Directions ->
All lines in the records below from the line with "line L2 (0, 0) -> (0, 23.7)" through the line with "line L5 (0, 3.8227) -> (-16.0923, 2.3075)" are to be given again exactly, both ends included; the pictures are to be left out.

Source records ->
===

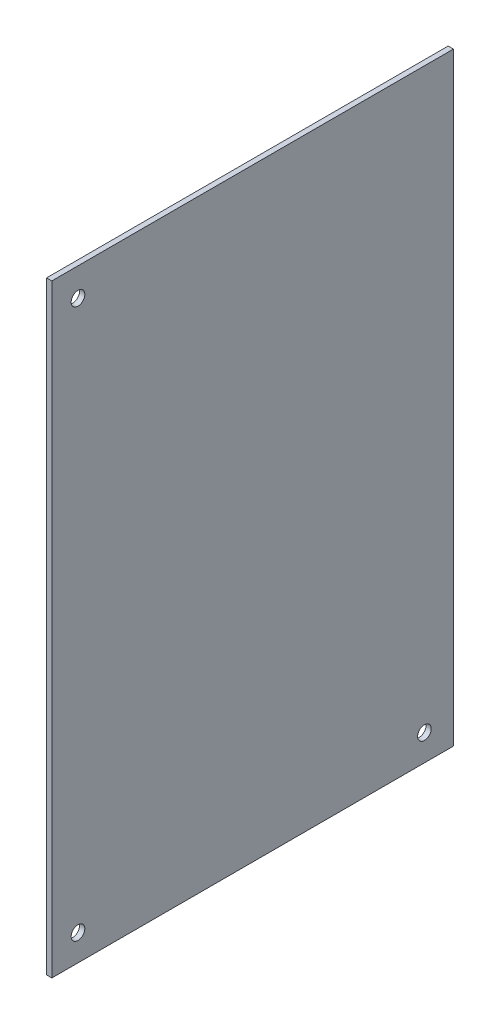
SolidWorks part; units mm, degrees
material "3.1645 (EN AW-2007)"
ref_plane "Přední rovina" through (0, 0, 0) normal (0, 0, 1) x (1, 0, 0)
ref_plane "Horní rovina" through (0, 0, 0) normal (0, 1, 0) x (1, 0, 0)
ref_plane "Pravá rovina" through (0, 0, 0) normal (1, 0, 0) x (0, 0, -1)
sketch "Skica1" plane through (0, 0, 0) normal (1, 0, 0) x (0, 0, -1)
  line L1 (76.5, -115) -> (-76.5, -115)
  line L2 (76.5, -115) -> (76.5, 115)
  line L3 (76.5, 115) -> (-76.5, 115)
  line L4 (-76.5, -115) -> (-76.5, 115)
  line L5 (76.5, -115) -> (-76.5, 115) construction
  line L6 (76.5, 115) -> (-76.5, -115) construction
  point P0 (0, 0)
  dimension "D1" = 153
  dimension "D2" = 230
extrude "Přidat vysunutím1" add sketch "Skica1" along normal blind 2
sketch "Skica2" plane through (2, 0, 0) normal (1, 0, 0) x (0, 0, -1)
  line L0 (71.4, -105) -> (59.5, -105) construction
  line L1 (-66.5, -107.2) -> (-66.5309, -105) construction
  arc A0 (68.7, -107.7) -> (68.7, -102.3) centre (68.7, -105) ccw construction
  arc A1 (62.2, -102.3) -> (62.2, -107.7) centre (62.2, -105) ccw construction
  circle A2 centre (65.45, -105) radius 2.6
  circle A3 centre (-66.5309, -105) radius 2.6
  circle A4 centre (-66.5309, 104.2883) radius 2.6
  dimension "D1" = 5.2
  dimension "D2" = 5.2
extrude "Odebrat vysunutím1" cut sketch "Skica2" against normal blind 2
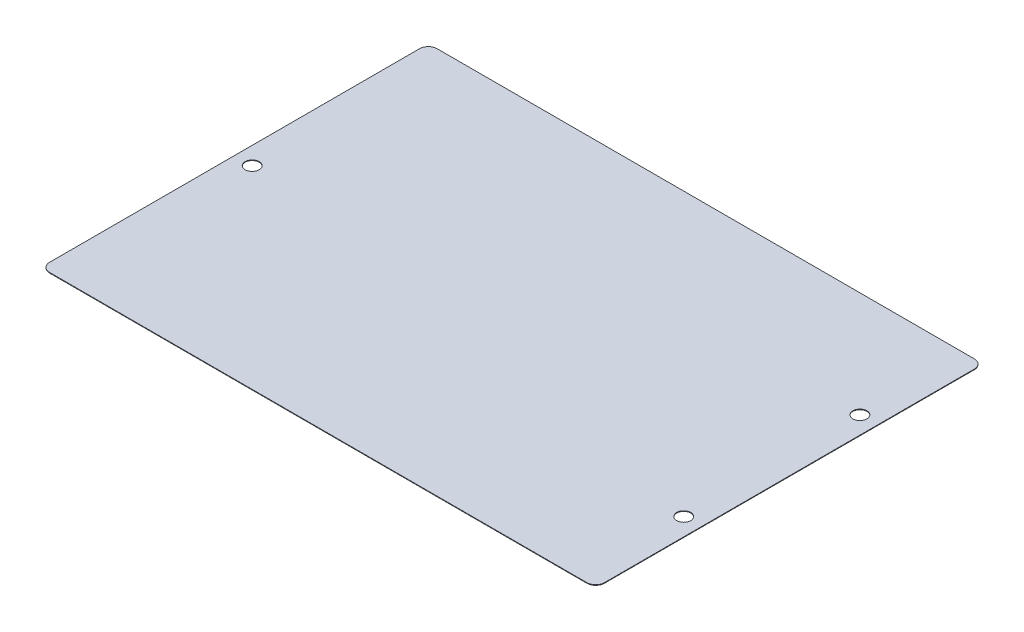
SolidWorks part; units mm, degrees
material "Rubber"
ref_plane "Front Plane" through (0, 0, 0) normal (0, 0, 1) x (1, 0, 0)
ref_plane "Top Plane" through (0, 0, 0) normal (0, 1, 0) x (1, 0, 0)
ref_plane "Right Plane" through (0, 0, 0) normal (1, 0, 0) x (0, 0, -1)
sketch "Sketch1" plane through (0, 0, 0) normal (0, 1, 0) x (1, 0, 0)
  line L0 (189, 66) -> (0, 66) construction
  line L1 (0, 132) -> (189, 132)
  line L2 (0, 132) -> (0, 0)
  line L3 (0, 0) -> (189, 0)
  line L4 (189, 132) -> (189, 0)
  line L5 (183, 36) -> (183, 96) construction
  circle A0 centre (6, 66) radius 2.4
  circle A1 centre (183, 36) radius 2.4
  circle A2 centre (183, 96) radius 2.4
  dimension "D4" = 4.8
  dimension "D1" = 189
  dimension "D2" = 132
  dimension "D3" = 6
  dimension "D5" = 60
  dimension "D6" = 6
extrude "Boss-Extrude1" add sketch "Sketch1" along normal blind 0.2
fillet "Fillet1" radius 3 4 edges at (0, 0.1, 0) (189, 0.1, 0) (189, 0.1, -132) (0, 0.1, -132)
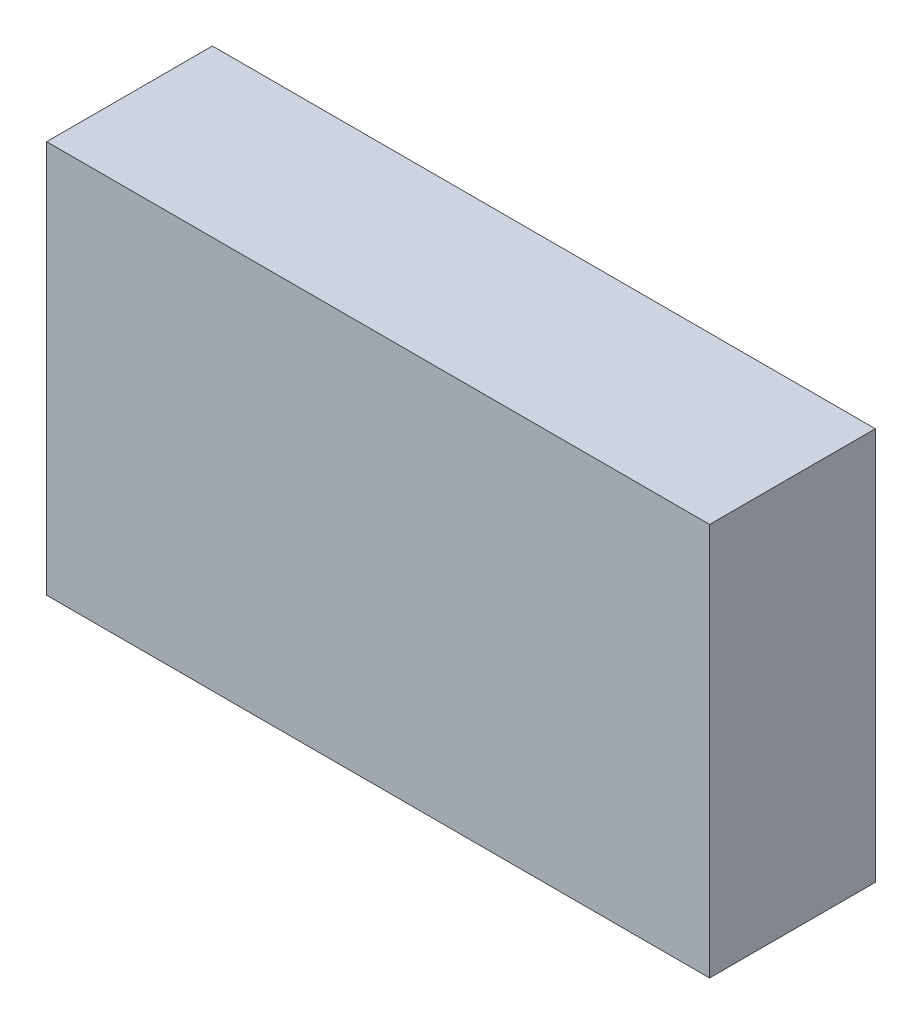
SolidWorks part; units mm, degrees
ref_plane "Front Plane" through (0, 0, 0) normal (0, 0, 1) x (1, 0, 0)
ref_plane "Top Plane" through (0, 0, 0) normal (0, 1, 0) x (1, 0, 0)
ref_plane "Right Plane" through (0, 0, 0) normal (1, 0, 0) x (0, 0, -1)
sketch "Sketch1" plane through (0, 0, 0) normal (0, 0, 1) x (1, 0, 0)
  line L1 (0, 0) -> (40, 0)
  line L2 (0, 0) -> (0, 23.7)
  line L3 (0, 23.7) -> (40, 23.7)
  line L4 (40, 0) -> (40, 23.7)
extrude "Boss-Extrude1" add sketch "Sketch1" against normal blind 10
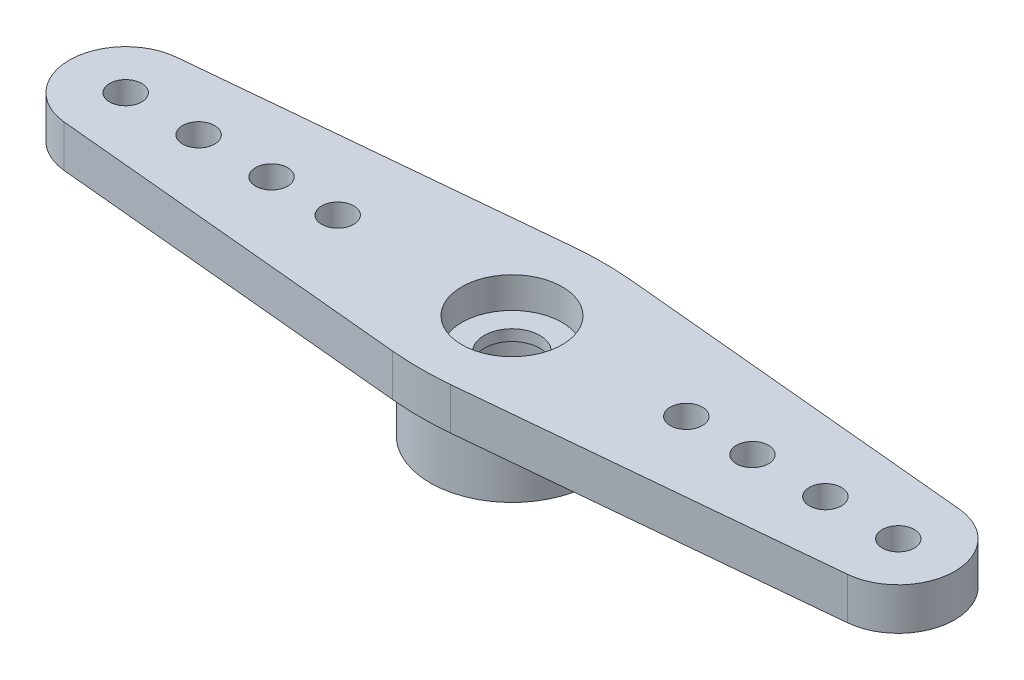
SolidWorks part; units mm, degrees
ref_plane "Front Plane" through (0, 0, 0) normal (0, 0, 1) x (1, 0, 0)
ref_plane "Top Plane" through (0, 0, 0) normal (0, 1, 0) x (1, 0, 0)
ref_plane "Right Plane" through (0, 0, 0) normal (1, 0, 0) x (0, 0, -1)
sketch "Sketch1" plane through (0, 0, 0) normal (0, 1, 0) x (1, 0, 0)
  circle A0 centre (0, 0) radius 3.3655
  circle A1 centre (0, 0) radius 2.2352
  dimension "D1" = 6.731
  dimension "D2" = 4.4704
extrude "Boss-Extrude1" add sketch "Sketch1" along normal blind 2.54
sketch "Sketch2" plane through (0, 2.54, 0) normal (0, 1, 0) x (1, 0, 0)
  line L0 (0, 0) -> (50000, 0) construction
  line L1 (0, 0) -> (0, 50000) construction
  line L2 (0, 3.8227) -> (16.0923, 2.3075)
  line L3 (0, -3.8227) -> (16.0923, -2.3075)
  line L4 (0, -3.8227) -> (-16.0923, -2.3075)
  line L5 (0, 3.8227) -> (-16.0923, 2.3075)
  circle A0 centre (15.875, 0) radius 0.6604
  circle A1 centre (12.8778, 0) radius 0.6604
  circle A2 centre (9.8806, 0) radius 0.6604
  circle A3 centre (7.1628, 0) radius 0.6604
  circle A4 centre (15.875, 0) radius 2.3178
  circle A5 centre (0, 0) radius 3.8227
  circle A6 centre (-15.875, 0) radius 2.3178
  circle A7 centre (-7.1628, 0) radius 0.6604
  circle A8 centre (-9.8806, 0) radius 0.6604
  circle A9 centre (-12.8778, 0) radius 0.6604
  circle A10 centre (-15.875, 0) radius 0.6604
  circle A11 centre (0, 0) radius 1.143
  circle M1 centre (0, 0) radius 3.3655
  circle M2 centre (0, 0) radius 2.2352
  dimension "D1" = 1.3208
  dimension "D6" = 4.6355
  dimension "D7" = 7.6454
  dimension "D8" = 2.286
  dimension "D2" = 15.875
  dimension "D3" = 2.9972
  dimension "D4" = 5.9944
  dimension "D5" = 8.7122
extrude "Boss-Extrude2" add sketch "Sketch2" along normal blind 1.7272 contours L5 A6 L4 A5 A8 A7 A9 | A6 A10 | A5 L3 A4 L2 A1 A2 A3 | A4 A0 | M1 M2 | L3 A5 L2 L5 L4 M1 | A11 M2
fillet "Fillet1" radius 12.7 2 edges at (0, 3.4036, -3.8227) (0, 3.4036, 3.8227)
sketch "Sketch3" plane through (0, 4.2672, 0) normal (0, 1, 0) x (1, 0, 0)
  circle A0 centre (0, 0) radius 2.0638
  circle M17 centre (0, 0) radius 1.143
  dimension "D1" = 4.1275
extrude "Cut-Extrude1" cut sketch "Sketch3" against normal blind 1.27 contours A0 M17
scale "Scale1" bodies to scale 103 scale about centroid uniform scaling yes scale factor 1.483924

===

Exercise response ->
  line L2 (0, 0) -> (0, 23.7)
  line L3 (0, 23.7) -> (40, 23.7)
  line L4 (40, 0) -> (40, 23.7)
extrude "Boss-Extrude1" add sketch "Sketch1" against normal blind 10
SolidWorks part; units mm, degrees
ref_plane "Front Plane" through (0, 0, 0) normal (0, 0, 1) x (1, 0, 0)
ref_plane "Top Plane" through (0, 0, 0) normal (0, 1, 0) x (1, 0, 0)
ref_plane "Right Plane" through (0, 0, 0) normal (1, 0, 0) x (0, 0, -1)
sketch "Sketch1" plane through (0, 0, 0) normal (0, 1, 0) x (1, 0, 0)
  circle A0 centre (0, 0) radius 3.3655
  circle A1 centre (0, 0) radius 2.2352
  dimension "D1" = 6.731
  dimension "D2" = 4.4704
extrude "Boss-Extrude1" add sketch "Sketch1" along normal blind 2.54
sketch "Sketch2" plane through (0, 2.54, 0) normal (0, 1, 0) x (1, 0, 0)
  line L0 (0, 0) -> (50000, 0) construction
  line L1 (0, 0) -> (0, 50000) construction
  line L2 (0, 3.8227) -> (16.0923, 2.3075)
  line L3 (0, -3.8227) -> (16.0923, -2.3075)
  line L4 (0, -3.8227) -> (-16.0923, -2.3075)
  line L5 (0, 3.8227) -> (-16.0923, 2.3075)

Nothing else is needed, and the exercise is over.